You Think You're Smart With Money. You're Not.
A Nobel Prize-winning idea that explains why lottery winners go bankrupt, why your bonus disappears, and why your "emergency fund" is a financial trap.
Do you remember Sushil Kumar from Kaun Banega Crorepati, the one who actually won ₹5 crores? He came from very little before he won. He returned to nothing after. Five crores came and went, and he had nothing to show for it. How does that even happen?
The answer is embarrassingly simple. It comes down to how we mentally categorise money, and how badly that categorisation messes with our decisions.
What is Mental Accounting?
Richard Thaler, the same economist who later won the Nobel Prize, first wrote about this in a paper titled “Mental Accounting Matters.“ His observation was straightforward: people assign money different values depending on where it came from, and that quietly drives some of our worst financial decisions.
The technical term for what we should do is treat money as fungible, meaning ₹100 is ₹100, regardless of whether it came from your salary, a bonus, or a scratch card. We create little mental buckets instead, and the rules we apply to each bucket are completely different.
If you get a ₹1,00,000 year-end bonus, you are probably already spending it in your head: a trip, a new phone, dinner at that place you have been meaning to try. But if someone asked you to cut ₹1,00,000 from your monthly expenses, you would treat that as a crisis. It is the same amount. The math is indifferent to its origin. Your brain is anything but.
Why This Matters for Investing
Mental accounting gets especially dangerous when money is involved in markets.
Consider how people behave with capital gains. If you invest ₹10,000 of your salary and it grows to ₹20,000, most people become noticeably more reckless with the extra ₹10,000. They take risks they would never take with money they “actually earned.” Losing it would hurt just as much. Because it came from the market, it feels like house money.
The same logic plays out with lump sums versus monthly income. People who receive a large amount at once tend to park it in safe, low-yield options: fixed deposits, savings accounts. The same person, receiving that identical amount in smaller monthly instalments, would confidently put it into equities. The money is the same. The behaviour is worlds apart.
This is where the pyramid problem shows up in personal finance. When people mentally silo their money, one bucket for emergencies, one for retirement, one for fun, they stop seeing their finances as a whole. Someone might hold excessive cash in a savings account earning 3% while carrying credit card debt at 36%. On paper, that is indefensible. Mentally, those are two separate accounts with two separate sets of rules.
The Upside
Mental accounting, in fairness, has its uses. Earmarking money for specific goals, retirement, a child’s education, a home, genuinely helps people follow through. Someone who deposits a fixed amount into a retirement account every month is far more likely to retire with savings than someone who invests whatever is left over. The mental commitment creates real behavioural guardrails.

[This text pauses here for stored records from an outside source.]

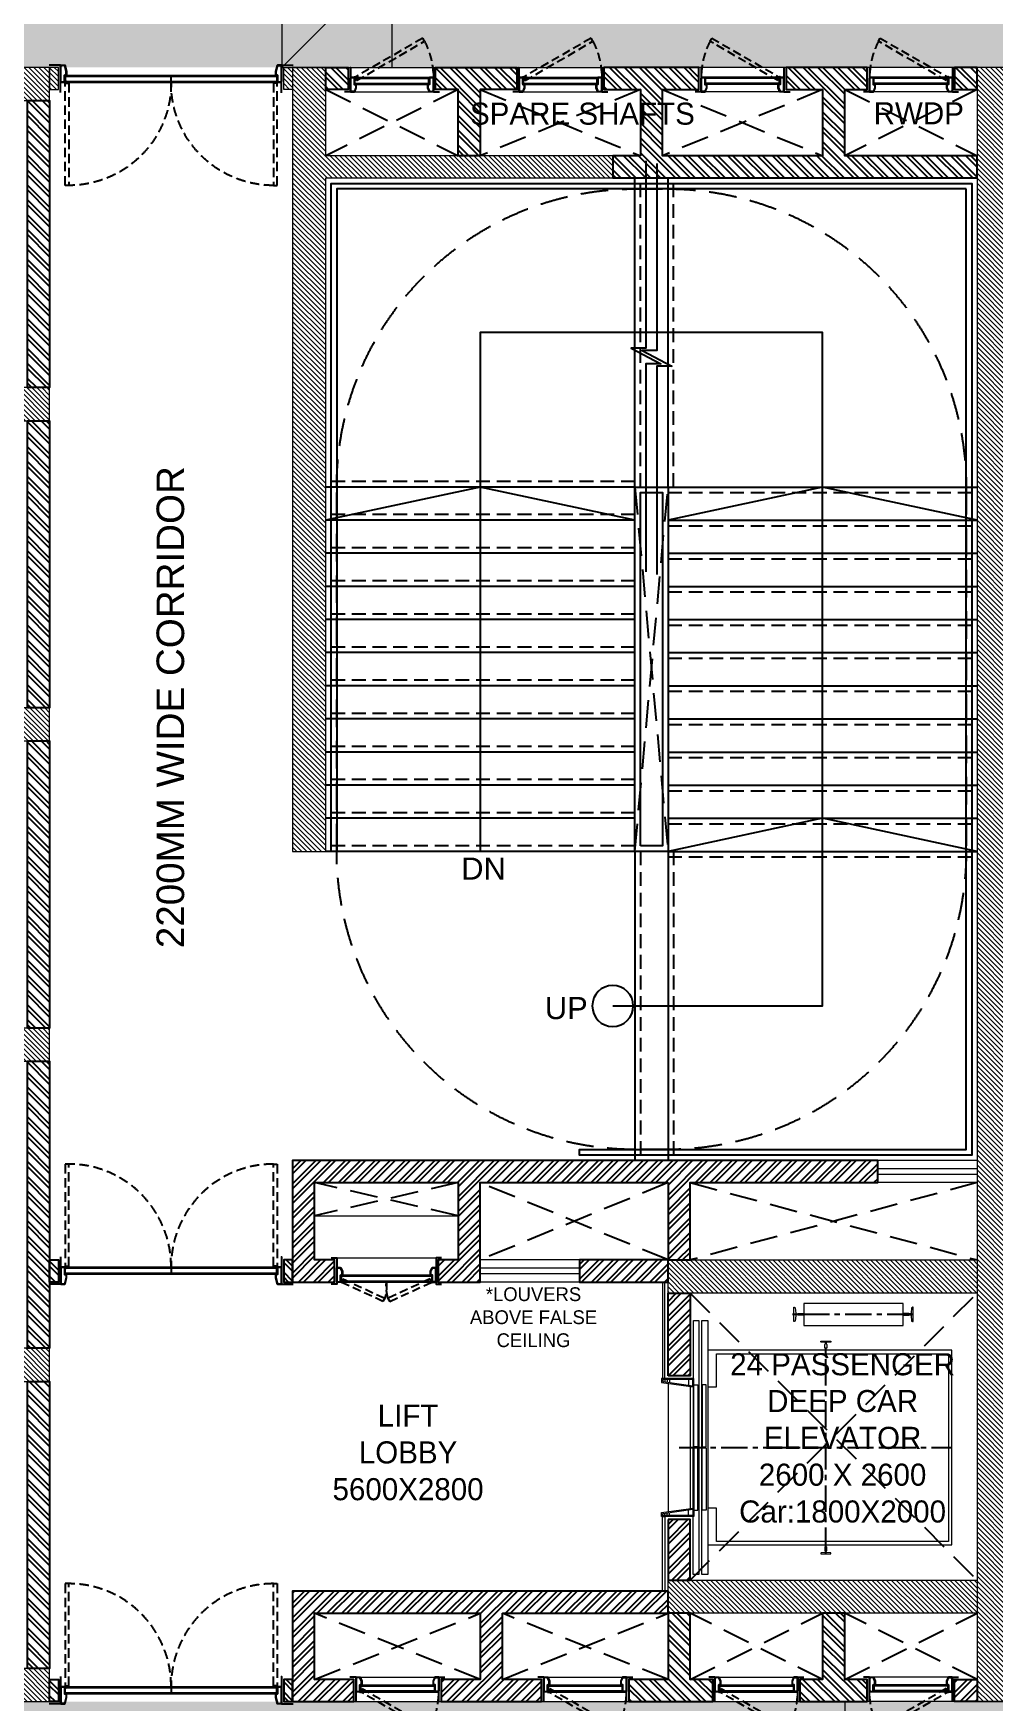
# Model space of a CAD drawing. Header units: millimetres. Extents: x 2335845 to 2509607, y 289014 to 361737.
# Drawn here: x 2386197 to 2394893, y 308802 to 323910 of the extents above; entities that cross this region are included whole.
import ezdxf

# ---------------------------------------------------------------- set-up
doc = ezdxf.new("R2010")
doc.units = ezdxf.units.MM
doc.linetypes.add('CENTER', pattern=[50.8, 31.75, -6.35, 6.35, -6.35])
doc.linetypes.add('HIDDEN', pattern=[0.375, 0.25, -0.125])
for name, color, linetype, lineweight in [('A-PLAN-COLUMN', 3, 'Continuous', 0), ('A-PLAN-RCC-HATCH', 8, 'Continuous', 13), ('A-PLAN-THIN', 251, 'Continuous', 15), ('TOA-FL-CPT-1', 8, 'Continuous', 5), ('TOA-RAMP', 8, 'Continuous', 13)]:
    doc.layers.add(name, color=color, linetype=linetype, lineweight=lineweight)
for name, color, linetype in [('A-PLAN-DOOR', 7, 'Continuous'), ('A-PLAN-HIDDEN', 1, 'HIDDEN'), ('A-PLAN-RAILING', 2, 'Continuous'), ('A-PLAN-STAIRS', 1, 'Continuous'), ('A-PLAN-TEXT', 4, 'Continuous'), ('A-PLAN-THIN -1', 250, 'HIDDEN'), ('A-PLAN-WALL', 6, 'Continuous'), ('A-PLAN-WALL HATCH', 8, 'Continuous'), ('TOA-FC-MODULAR', 7, 'Continuous')]:
    doc.layers.add(name, color=color, linetype=linetype)
doc.styles.add('ARIAL', font='arial.ttf')
doc.styles.get("Standard").update_dxf_attribs({"font": 'arial.ttf'})
pattern_1 = [(315, (-209450, -299000), (22.4506403, 22.4506403), [])]
pattern_2 = [(315, (-9550, -299000), (67.35192, 67.35192), []), (315, (-9550, -299044.9), (67.35192, 67.35192), [])]
pattern_3 = [(315, (-109844.92, -24414.985), (67.35192, 67.35192), []), (315, (-109844.92, -24459.89), (67.35192, 67.35192), [])]
pattern_4 = [(45, (18576.22, -299218.003), (22.4506403, -22.4506403), [])]
pattern_5 = [(45, (-219423.78, 302582), (67.35192, -67.35192), []), (45, (-219423.78, 302626.9), (67.35192, -67.35192), [])]
pattern_6 = [(45, (-219423.78, 298782), (67.35192, -67.35192), []), (45, (-219423.78, 298826.9), (67.35192, -67.35192), [])]
pattern_7 = [(225, (218576.22, -299218), (-67.35192, 67.35192), []), (225, (218576.22, -299262.9), (-67.35192, 67.35192), [])]
pattern_8 = [(45, (218576.22, -299218.003), (22.4506403, -22.4506403), [])]

# ---------------------------------------------------------------- blocks, each defined once
blk = doc.blocks.new('Block-7 Lift Core')
at = {"layer": 'A-PLAN-RCC-HATCH'}
h = blk.add_hatch(dxfattribs=at)
h.set_pattern_fill('ANSI31', color=256, scale=10, angle=270, style=0)
h.set_pattern_definition(pattern_1)
h.paths.add_polyline_path([(2250, 7100), (5250, 7100), (5250, 7400), (2250, 7400)])
h = blk.add_hatch(dxfattribs=at)
h.set_pattern_fill('ANSI31', color=256, scale=10, angle=270, style=0)
h.set_pattern_definition(pattern_1)
h.paths.add_polyline_path([(2450, 4200), (5250, 4200), (5250, 4500), (2450, 4500)])
h = blk.add_hatch(dxfattribs=at)
h.set_pattern_fill('ANSI31', color=256, scale=10, angle=270, style=0)
h.set_pattern_definition(pattern_1)
h.paths.add_polyline_path([(2450, 1300), (5250, 1300), (5250, 1600), (2450, 1600)])
h = blk.add_hatch(dxfattribs=at)
h.set_pattern_fill('ANSI31', color=256, scale=10, angle=270, style=0)
h.set_pattern_definition(pattern_1)
h.paths.add_polyline_path([(2450, -1600), (5250, -1600), (5250, -1300), (2450, -1300)])
h = blk.add_hatch(dxfattribs=at)
h.set_pattern_fill('ANSI31', color=256, scale=10, angle=270, style=0)
h.set_pattern_definition(pattern_1)
h.paths.add_polyline_path([(2450, -4500), (5250, -4500), (5250, -4200), (2450, -4200)])
h = blk.add_hatch(dxfattribs=at)
h.set_pattern_fill('ANSI31', color=256, scale=10, angle=270, style=0)
h.set_pattern_definition(pattern_1)
h.paths.add_polyline_path([(2250, -7400), (5250, -7400), (5250, -7100), (2250, -7100)])
at = {"layer": 'A-PLAN-WALL HATCH'}
h = blk.add_hatch(dxfattribs=at)
h.set_pattern_fill('ANSI32', color=256, scale=10, angle=270, style=0)
h.set_pattern_definition(pattern_2)
h.paths.add_polyline_path([(5050, 4500), (5050, 7100), (5250, 7100), (5250, 4500)])
h = blk.add_hatch(dxfattribs=at)
h.set_pattern_fill('ANSI32', color=256, scale=10, angle=270, style=0)
h.set_pattern_definition([(315, (-207050, -290300), (67.35192, 67.35192), []), (315, (-207050, -290344.9), (67.35192, 67.35192), [])])
h.paths.add_polyline_path([(5050, 1600), (5050, 4200), (5250, 4200), (5250, 1600)])
h = blk.add_hatch(dxfattribs=at)
h.set_pattern_fill('ANSI32', color=256, scale=10, angle=270, style=0)
h.set_pattern_definition([(315, (-207050, -293200), (67.35192, 67.35192), []), (315, (-207050, -293244.9), (67.35192, 67.35192), [])])
h.paths.add_polyline_path([(5050, -1300), (5050, 1300), (5250, 1300), (5250, -1300)])
h = blk.add_hatch(dxfattribs=at)
h.set_pattern_fill('ANSI32', color=256, scale=10, angle=270, style=0)
h.set_pattern_definition([(315, (-207050, -296100), (67.35192, 67.35192), []), (315, (-207050, -296144.9), (67.35192, 67.35192), [])])
h.paths.add_polyline_path([(5050, -4200), (5050, -1600), (5250, -1600), (5250, -4200)])
h = blk.add_hatch(dxfattribs=at)
h.set_pattern_fill('ANSI32', color=256, scale=10, angle=270, style=0)
h.set_pattern_definition(pattern_2)
h.paths.add_polyline_path([(5050, -7100), (5050, -4500), (5250, -4500), (5250, -7100)])
at = {"layer": 'A-PLAN-COLUMN', "elevation": 0}
for points in [[(2250, 7100), (5250, 7100), (5250, 7400), (2250, 7400)], [(2450, 4200), (5250, 4200), (5250, 4500), (2450, 4500)], [(2450, 1300), (5250, 1300), (5250, 1600), (2450, 1600)], [(2450, -1600), (5250, -1600), (5250, -1300), (2450, -1300)], [(2450, -4500), (5250, -4500), (5250, -4200), (2450, -4200)], [(2250, -7400), (5250, -7400), (5250, -7100), (2250, -7100)]]:
    blk.add_lwpolyline(points, close=True, dxfattribs=at)
at = {"layer": 'A-PLAN-WALL', "elevation": 0}
for points in [[(5050, 4500), (5050, 7100), (5250, 7100), (5250, 4500)], [(5050, 1600), (5050, 4200), (5250, 4200), (5250, 1600)], [(5050, -1300), (5050, 1300), (5250, 1300), (5250, -1300)], [(5050, -4200), (5050, -1600), (5250, -1600), (5250, -4200)], [(5050, -7100), (5050, -4500), (5250, -4500), (5250, -7100)]]:
    blk.add_lwpolyline(points, close=True, dxfattribs=at)
blk = doc.blocks.new('A$C3F28102C')
at = {"layer": 'A-PLAN-DOOR'}
h = blk.add_hatch(dxfattribs=at)
h.set_pattern_fill('ANSI31', color=256, style=0)
h.set_pattern_definition([(315, (-1529.3283, 1000.1135), (-0.44194174, -0.44194174), [])])
h.paths.add_polyline_path([(1, -15), (0, -15), (0, 0), (1, 0)])
h.paths.add_polyline_path([(1, 0), (1, 0), (0, 0), (0, 1, 0.115729)])
h.paths.add_polyline_path([(5, -15), (4, -15), (4, 0), (5, 0)])
h.paths.add_polyline_path([(5, 0), (4, 0), (4, 0, 0.115729), (5, 1)])
at = {"layer": 'A-PLAN-DOOR', "color": 2}
for points in [[(1, 0), (1, -15), (0, -15), (0, 1)], [(4, 0), (4, -15), (5, -15), (5, 1)]]:
    blk.add_lwpolyline(points, dxfattribs=at)
for radius in [3.42, 2.42]:
    blk.add_circle((2, 3), radius, dxfattribs=at)
blk = doc.blocks.new('Door 900')
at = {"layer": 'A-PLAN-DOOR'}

The system works. It just stops working the moment it starts overriding logic.
Where It Goes Wrong
Tax refunds are a good example. Most people treat a refund like a gift from the government. It is simply your own money that was withheld in excess. The government held it for a year, interest-free. You are getting back what was already yours. Because it arrives as a lump sum, it gets spent like a windfall rather than folded into a sensible financial plan.
Bonuses follow the same pattern. Lottery wins are the extreme case, and Sushil Kumar is the cautionary tale. The money feels different, so it gets treated differently, and “differently” almost always means worse.
Thaler’s larger point is worth sitting with. Conventional economics assumed people were rational. His entire career was built on demonstrating that they are predictably irrational, that the deviations follow patterns, and that those patterns can be studied and anticipated. We behave like humans who have invented their own rules about which money counts.
The Fix
Awareness is most of the work. Before spending a bonus, a refund, or any windfall, ask yourself whether you would spend regular income this way. If the answer is no, that is mental accounting at the wheel.
Treat all money as if it came from your salary. Run it through the same filters. Give it the same scrutiny. ₹100 is ₹100. It always was.